* _Task description_
Return all lines below containing the word "ezdxf".
╭─ Given data
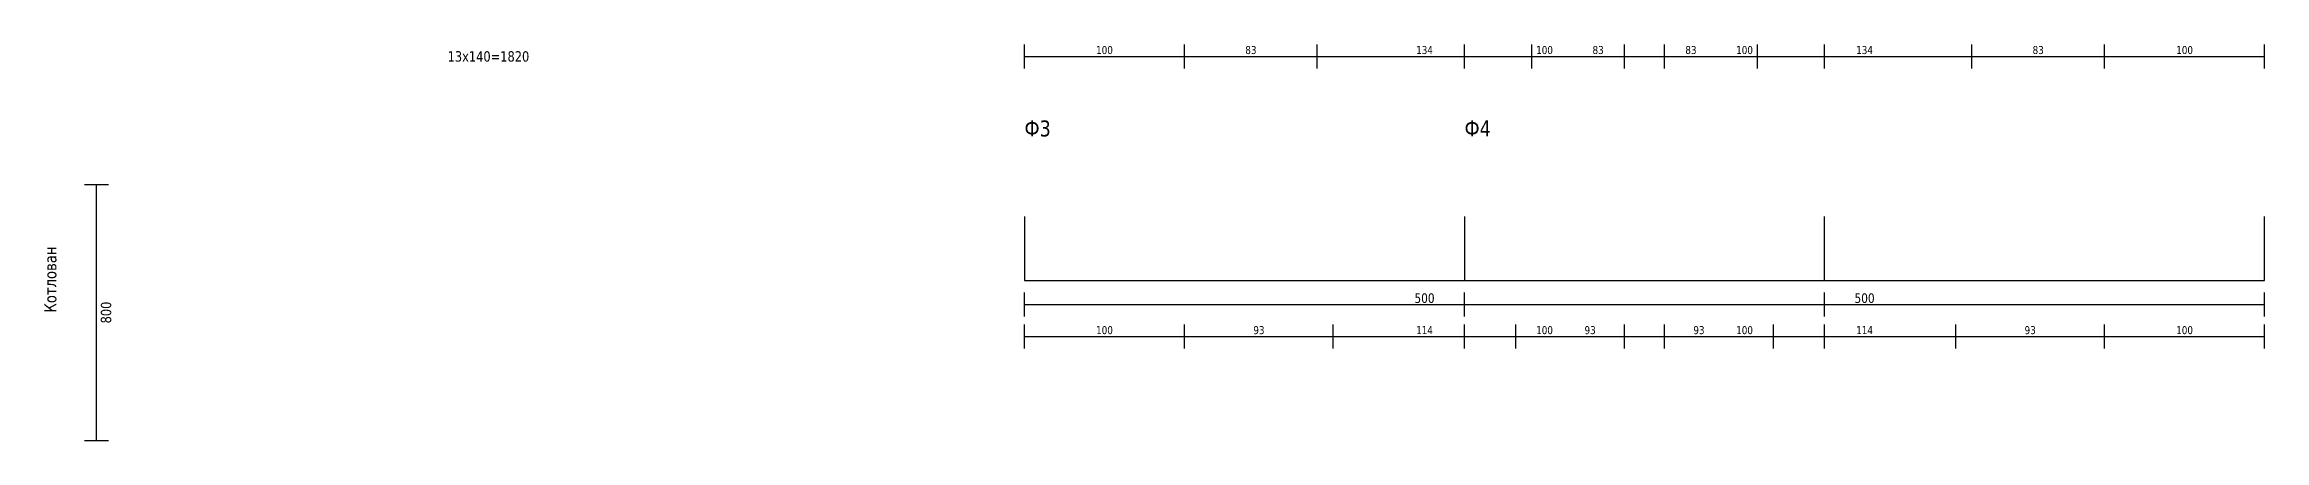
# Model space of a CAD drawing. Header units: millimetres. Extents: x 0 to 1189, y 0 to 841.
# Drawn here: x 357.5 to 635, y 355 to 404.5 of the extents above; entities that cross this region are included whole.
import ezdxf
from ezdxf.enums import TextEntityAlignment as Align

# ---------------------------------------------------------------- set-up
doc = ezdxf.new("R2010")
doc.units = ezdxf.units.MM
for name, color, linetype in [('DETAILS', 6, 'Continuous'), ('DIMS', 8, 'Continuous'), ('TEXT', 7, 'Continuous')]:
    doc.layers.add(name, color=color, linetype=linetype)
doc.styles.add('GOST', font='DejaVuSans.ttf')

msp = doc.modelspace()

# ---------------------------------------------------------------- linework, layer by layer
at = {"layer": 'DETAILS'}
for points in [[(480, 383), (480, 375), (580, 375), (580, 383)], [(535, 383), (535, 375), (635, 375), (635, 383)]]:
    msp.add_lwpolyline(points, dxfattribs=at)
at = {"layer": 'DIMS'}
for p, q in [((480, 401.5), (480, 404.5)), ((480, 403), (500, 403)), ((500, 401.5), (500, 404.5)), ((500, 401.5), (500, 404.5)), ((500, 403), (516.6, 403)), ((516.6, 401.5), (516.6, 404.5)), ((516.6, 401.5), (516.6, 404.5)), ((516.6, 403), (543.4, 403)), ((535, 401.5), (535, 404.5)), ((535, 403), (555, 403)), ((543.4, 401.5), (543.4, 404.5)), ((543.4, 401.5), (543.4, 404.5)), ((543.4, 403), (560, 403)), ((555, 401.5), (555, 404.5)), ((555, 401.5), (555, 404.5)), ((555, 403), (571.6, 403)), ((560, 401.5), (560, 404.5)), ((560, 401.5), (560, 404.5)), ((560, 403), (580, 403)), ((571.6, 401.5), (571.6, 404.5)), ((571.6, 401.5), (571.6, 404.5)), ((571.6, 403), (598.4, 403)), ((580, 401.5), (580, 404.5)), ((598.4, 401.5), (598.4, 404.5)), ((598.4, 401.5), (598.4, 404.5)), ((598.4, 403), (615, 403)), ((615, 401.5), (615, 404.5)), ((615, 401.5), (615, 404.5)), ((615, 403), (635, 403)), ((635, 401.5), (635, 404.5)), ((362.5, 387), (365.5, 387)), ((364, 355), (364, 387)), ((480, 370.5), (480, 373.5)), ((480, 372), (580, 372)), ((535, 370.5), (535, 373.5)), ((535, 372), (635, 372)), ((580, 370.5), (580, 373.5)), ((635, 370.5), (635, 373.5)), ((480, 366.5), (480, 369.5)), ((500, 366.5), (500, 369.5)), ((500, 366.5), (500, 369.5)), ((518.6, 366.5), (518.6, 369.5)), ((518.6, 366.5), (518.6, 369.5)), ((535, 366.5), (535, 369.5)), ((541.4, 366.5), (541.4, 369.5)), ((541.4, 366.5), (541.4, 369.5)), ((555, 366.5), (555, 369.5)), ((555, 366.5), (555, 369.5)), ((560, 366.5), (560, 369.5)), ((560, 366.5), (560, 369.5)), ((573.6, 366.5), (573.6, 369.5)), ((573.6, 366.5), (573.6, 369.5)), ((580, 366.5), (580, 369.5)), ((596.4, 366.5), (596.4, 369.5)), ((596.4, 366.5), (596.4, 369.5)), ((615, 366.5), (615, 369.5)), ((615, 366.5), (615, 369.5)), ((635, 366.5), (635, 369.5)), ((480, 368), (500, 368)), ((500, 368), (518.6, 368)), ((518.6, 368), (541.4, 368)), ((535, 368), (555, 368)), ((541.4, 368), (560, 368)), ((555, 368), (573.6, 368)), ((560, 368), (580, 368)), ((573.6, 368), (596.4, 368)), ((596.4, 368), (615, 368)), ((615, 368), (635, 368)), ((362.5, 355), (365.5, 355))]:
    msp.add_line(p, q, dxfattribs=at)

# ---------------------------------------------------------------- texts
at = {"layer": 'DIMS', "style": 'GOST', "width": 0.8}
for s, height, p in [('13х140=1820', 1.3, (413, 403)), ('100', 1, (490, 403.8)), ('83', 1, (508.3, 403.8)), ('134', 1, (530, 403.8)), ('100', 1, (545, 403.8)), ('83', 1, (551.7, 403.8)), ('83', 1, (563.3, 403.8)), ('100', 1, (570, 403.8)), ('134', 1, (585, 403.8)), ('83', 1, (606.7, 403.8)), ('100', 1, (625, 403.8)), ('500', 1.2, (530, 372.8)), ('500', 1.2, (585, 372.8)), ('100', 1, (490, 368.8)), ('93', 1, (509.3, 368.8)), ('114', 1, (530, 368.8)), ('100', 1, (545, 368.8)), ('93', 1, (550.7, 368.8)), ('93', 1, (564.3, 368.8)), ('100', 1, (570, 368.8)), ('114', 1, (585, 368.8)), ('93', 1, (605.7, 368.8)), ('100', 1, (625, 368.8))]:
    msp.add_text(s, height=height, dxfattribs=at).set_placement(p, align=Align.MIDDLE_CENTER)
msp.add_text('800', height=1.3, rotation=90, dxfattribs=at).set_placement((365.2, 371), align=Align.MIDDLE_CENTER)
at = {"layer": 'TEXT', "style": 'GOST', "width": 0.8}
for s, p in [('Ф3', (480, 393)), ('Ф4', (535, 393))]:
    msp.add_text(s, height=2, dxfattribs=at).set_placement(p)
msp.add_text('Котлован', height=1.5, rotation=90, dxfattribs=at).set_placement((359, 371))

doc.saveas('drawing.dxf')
╰─
* _Task solution_
import ezdxf
from ezdxf.enums import TextEntityAlignment as Align
doc = ezdxf.new("R2010")
doc.units = ezdxf.units.MM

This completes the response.